Hadits yang membatasi perihal tersebut dalam ayat:
Bahwa yang dipotong hanya sampai pada pergelangan tangan.
c. Mengkhususkan yang umum (تخصيص العام)
Contoh: ayat yang berkaitan tentang waris dalam Q.S. An-Nisa': 11
يوصيكم الله في اولادكم للذكر مثل حظ الانثيين
"Allah mensyari'atkan bagimu tentang (pembagian pusaka untuk) anak-anakmu. Yaitu: bahagian seorang anak lelaki sama dengan bahagian dua orang anak perempuan."
Ayat di atas masih bersifat umum, tapi kemudian Rasulullah mengkhususkan bahwa warisan hanya berlaku kepada sesama muslim dan lain sebagainya.
d. Menjelaskan lafadz yang musykil (توضيح المشكل)
Ada lafadz dalam al-Qur'an yang tidak diketahui maknanya secara jelas, kecuali setelah mendengar keterangan dari Nabi SAW. Ini pernah terjadi pada 'Aisyah ra. terkait dengan kata حسابا (hisaban) dalam surat al-Insyiqaq:8
فسوف يحاسب حسابا يسيرا
Kemudian Nabi menjelaskannya:
"Barang siapa yang diberikan kitabnya sebelah kanan, maka ia akan mendapat hisab yang mudah.

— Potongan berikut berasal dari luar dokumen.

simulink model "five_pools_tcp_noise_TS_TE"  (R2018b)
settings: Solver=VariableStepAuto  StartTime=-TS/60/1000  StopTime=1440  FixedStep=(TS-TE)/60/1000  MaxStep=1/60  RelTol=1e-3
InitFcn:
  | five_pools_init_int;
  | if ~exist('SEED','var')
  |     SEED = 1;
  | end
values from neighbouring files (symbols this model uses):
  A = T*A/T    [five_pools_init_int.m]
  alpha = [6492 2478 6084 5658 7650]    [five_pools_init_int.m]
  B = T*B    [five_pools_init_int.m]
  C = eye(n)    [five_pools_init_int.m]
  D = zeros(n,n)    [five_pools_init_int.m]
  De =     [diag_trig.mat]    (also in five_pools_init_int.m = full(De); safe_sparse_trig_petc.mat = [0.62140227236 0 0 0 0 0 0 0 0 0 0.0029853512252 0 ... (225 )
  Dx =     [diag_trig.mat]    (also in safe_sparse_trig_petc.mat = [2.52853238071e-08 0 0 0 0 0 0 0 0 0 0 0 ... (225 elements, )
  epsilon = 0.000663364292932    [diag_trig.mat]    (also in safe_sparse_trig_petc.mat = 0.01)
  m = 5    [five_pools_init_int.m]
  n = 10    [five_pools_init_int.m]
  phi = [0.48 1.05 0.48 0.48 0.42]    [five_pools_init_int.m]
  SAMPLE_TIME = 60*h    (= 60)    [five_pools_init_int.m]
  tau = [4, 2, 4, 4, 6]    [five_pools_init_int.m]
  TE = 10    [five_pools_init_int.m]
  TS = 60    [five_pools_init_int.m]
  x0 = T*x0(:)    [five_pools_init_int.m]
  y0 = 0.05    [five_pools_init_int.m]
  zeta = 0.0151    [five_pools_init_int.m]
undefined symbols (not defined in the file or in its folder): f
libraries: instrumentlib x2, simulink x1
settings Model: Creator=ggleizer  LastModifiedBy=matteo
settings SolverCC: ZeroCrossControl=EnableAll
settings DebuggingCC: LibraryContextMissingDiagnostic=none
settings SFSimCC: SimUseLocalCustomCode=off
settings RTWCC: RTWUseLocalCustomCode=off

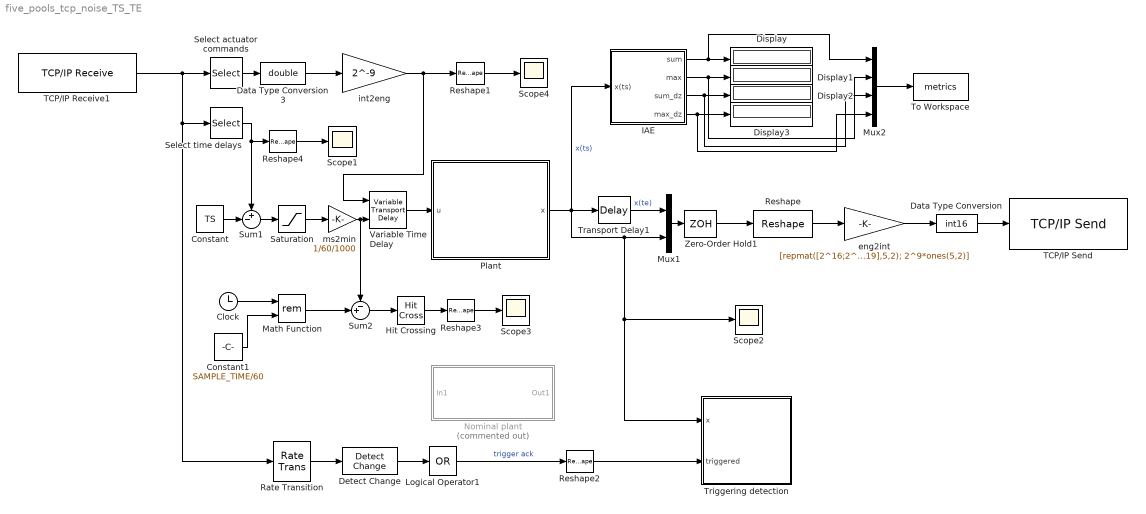
== system five_pools_tcp_noise_TS_TE ==
  Clock : Clock
  Constant : Constant  Value=TS
  Constant1 : Constant  Value=SAMPLE_TIME/60
  Data Type Conversion : DataTypeConversion  OutDataTypeStr=int16  RndMeth=Round  SaturateOnIntegerOverflow=on
  Data Type Conversion3 : DataTypeConversion  OutDataTypeStr=double  RndMeth=Round  SaturateOnIntegerOverflow=on
  Detect Change : simulink/Logic and Bit Operations/Detect Change  vinit=1  OutDataTypeStr=boolean
  Display{,1..3} (4 alike) : Display
  Hit Crossing : HitCross  HitCrossingDirection=rising
  IAE : Subsystem
  Logical Operator1 : Logic  Operator=OR  Inputs=1  AllPortsSameDT=off  OutDataTypeStr=boolean
  Math Function : Math  Operator=rem  SaturateOnIntegerOverflow=on
  Mux1 : Mux  Inputs=2
  Mux2 : Mux
  Nominal plant : Subsystem  Commented=on
  Plant : Subsystem
  Rate Transition : RateTransition  Integrity=off  Deterministic=off  OutPortSampleTime=SAMPLE_TIME/60/2
  Reshape : Reshape  OutputDimensionality=Customize  OutputDimensions=[n+5,2]
  Reshape{1..4} (4 alike) : Reshape
  Saturation : Saturate  UpperLimit=inf  LowerLimit=0
  Scope{1..4} (4 alike) : Scope
  Select actuator commands : Selector  InputPortWidth=10  IndexOptions=Index vector (dialog)  Indices=1:m  OutputSizes=1
  Select time delays : Selector  InputPortWidth=10  IndexOptions=Index vector (dialog)  Indices=m+1:2*m  OutputSizes=1
  Sum1 : Sum  Inputs=+-|
  Sum2 : Sum  Inputs=-+|
  TCP/IP Receive1 : instrumentlib/TCP//IP Receive  Priority=4  Host=localhost  Port=10020  DataSize="[10   1]"  EnableBlockingMode=on  Timeout=10  SampleTime=SAMPLE_TIME/60  DataType=int16  ByteOrder=BigEndian  ASCIIFormatting=%f,  Terminator=LF
      settings: SourceProductName=Instrument Control Toolbox
  TCP/IP Send : instrumentlib/TCP//IP Send  Priority=1  Host=localhost  Port=10021  EnableBlockingMode=off  Timeout=10  ByteOrder=BigEndian  TransferDelay=off
      settings: SourceProductName=Instrument Control Toolbox
  To Workspace : ToWorkspace  VariableName=metrics  SaveFormat=Timeseries  SampleTime=-1
      settings: MaxDataPoints=1
  Transport Delay1 : TransportDelay  DelayTime=(TS-TE)/60/1000
  Triggering detection : Subsystem
  Variable Time Delay : VariableTransportDelay  ZeroDelay=on
  Zero-Order Hold1 : ZeroOrderHold  SampleTime=SAMPLE_TIME/60
  eng2int : Gain  Gain=[repmat([2^16;2^19],5,2); 2^9*ones(5,2)]
  int2eng : Gain  Gain=2^-9
  "ms2min " : Gain  Gain=1/60/1000
  wires:
  Plant/1(x) -> IAE/1(x(ts)), Mux1/2, Scope2/1, Triggering detection/1(x), Transport Delay1/1  "x(ts)"
  TCP/IP Receive1/1 -> Rate Transition/1, Select time delays/1, Select actuator commands/1
  Transport Delay1/1 -> Mux1/1  "x(te)"
  Mux1/1 -> Zero-Order Hold1/1
  Zero-Order Hold1/1 -> Reshape/1
  Reshape/1 -> eng2int/1
  Variable Time Delay/1 -> Plant/1(u)
  Select actuator commands/1 -> Data Type Conversion3/1
  Data Type Conversion3/1 -> int2eng/1
  int2eng/1 -> Reshape1/1, Variable Time Delay/1
  Sum1/1 -> Saturation/1
  Data Type Conversion/1 -> TCP/IP Send/1
  eng2int/1 -> Data Type Conversion/1
  Constant/1 -> Sum1/2
  Select time delays/1 -> Sum1/1, Reshape4/1
  Reshape1/1 -> Scope4/1
  IAE/2(max) -> Mux2/2, Display1/1
  IAE/4(max_dz) -> Display3/1, Mux2/4
  IAE/3(sum_dz) -> Mux2/3, Display2/1
  IAE/1(sum) -> Mux2/1, Display/1
  Rate Transition/1 -> Detect Change/1
  Detect Change/1 -> Logical Operator1/1
  Logical Operator1/1 -> Reshape2/1  "trigger ack"
  Saturation/1 -> "ms2min "/1
  Mux2/1 -> To Workspace/1
  Reshape2/1 -> Triggering detection/2(triggered)
  Reshape4/1 -> Scope1/1
  Sum2/1 -> Hit Crossing/1
  Math Function/1 -> Sum2/2
  Hit Crossing/1 -> Reshape3/1
  "ms2min "/1 -> Sum2/1, Variable Time Delay/2
  Clock/1 -> Math Function/1
  Constant1/1 -> Math Function/2
  Reshape3/1 -> Scope3/1

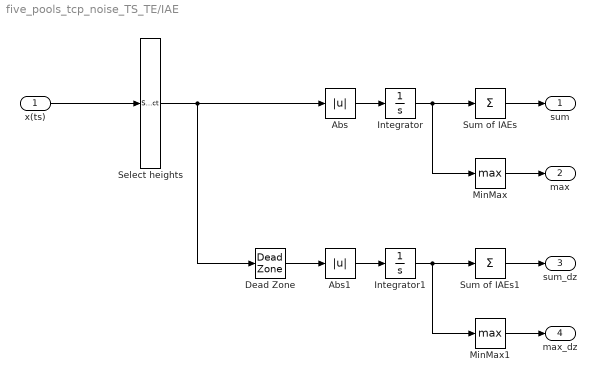
== system five_pools_tcp_noise_TS_TE/IAE ==
  x(ts) : Inport
  Abs : Abs
  Abs1 : Abs
  Dead Zone : DeadZone  LowerValue=-0.01  UpperValue=0.01  SaturateOnIntegerOverflow=on
  Integrator : Integrator
  Integrator1 : Integrator
  MinMax : MinMax  Function=max
  MinMax1 : MinMax  Function=max
  Select heights : Selector  InputPortWidth=15  IndexOptions=Index vector (dialog)  Indices=[1 3 5 7 9]  OutputSizes=1
  Sum of IAEs : Sum  Inputs=+
  Sum of IAEs1 : Sum  Inputs=+
  sum : Outport
  max : Outport  Port=2
  sum_dz : Outport  Port=3
  max_dz : Outport  Port=4
  wires:
  x(ts)/1 -> Select heights/1
  Select heights/1 -> Dead Zone/1, Abs/1
  Integrator/1 -> MinMax/1, Sum of IAEs/1
  Sum of IAEs/1 -> sum/1
  Abs/1 -> Integrator/1
  MinMax/1 -> max/1
  MinMax1/1 -> max_dz/1
  Integrator1/1 -> MinMax1/1, Sum of IAEs1/1
  Sum of IAEs1/1 -> sum_dz/1
  Dead Zone/1 -> Abs1/1
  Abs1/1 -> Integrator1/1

Rasulullah bersabda: yang dimaksud ayat itu adalah amal yang diperlihatkan, dan tidaklah seseorang hisabnya diperdebatkan, melainkan ia akan dihisab." (HR Bukhari)
3. Bayan at-Tasyri'
Bayan at-tasyri' memiliki maksud untuk mewujudkan hukum atau aturan yang tidak didapat dalam al-Qur'an secara eksplisit (secara teknis pelaksanaannya tidak dijelaskan dalam al-Qur'an).
Misalnya hukum merajam yang masih perawan, tentang hak waris anak, tentang masalah hukum ekonomi, dan sebagainya. Kita ambil contoh hukum merajam, jika dilihat dari hukum Islam (Fiqh) ternyata had bagi para pezina itu berbeda-beda. Berbeda antara yang masih perawan, yang sudah janda, maupun yang ketika itu sudah punya pasangan. Dan, itu semua dijelaskan kembali dalam hadits.
الزانية و الزانى فاجلدوا كل واحد منهما ماءة جلدة
"Perempuan yang berzina dan laki-laki yang berzina, maka deralah tiap-tiap seseorang dari keduanya seratus kali dera... (Q.S. An-Nur:2)"
Seperti praktik yang dilakukan oleh Nabi SAW. dalam beberapa kasus tidak langsung kemudian merajam, jadi ada beberapa kasus pezina yang dirajam atau dicambuk.
4. Bayan an-Nasakh
Bayan an-nasakh memiliki maksud untuk menghapus ketentuan yang ada dengan ketentuan yang lain karena datangnya suatu permasalahan yang baru. Namun, tentunya bukan menghapus isi dan substansi dari al-Qur'an, hanya saja masalah teknisnya yang berbeda.
Contoh:
Di bab zakat pertanian, dalam ayat al-Qur'an tidak diterangkan batasan nisab zakat melainkan segala penghasilan wajib dikeluarkan zakatnya.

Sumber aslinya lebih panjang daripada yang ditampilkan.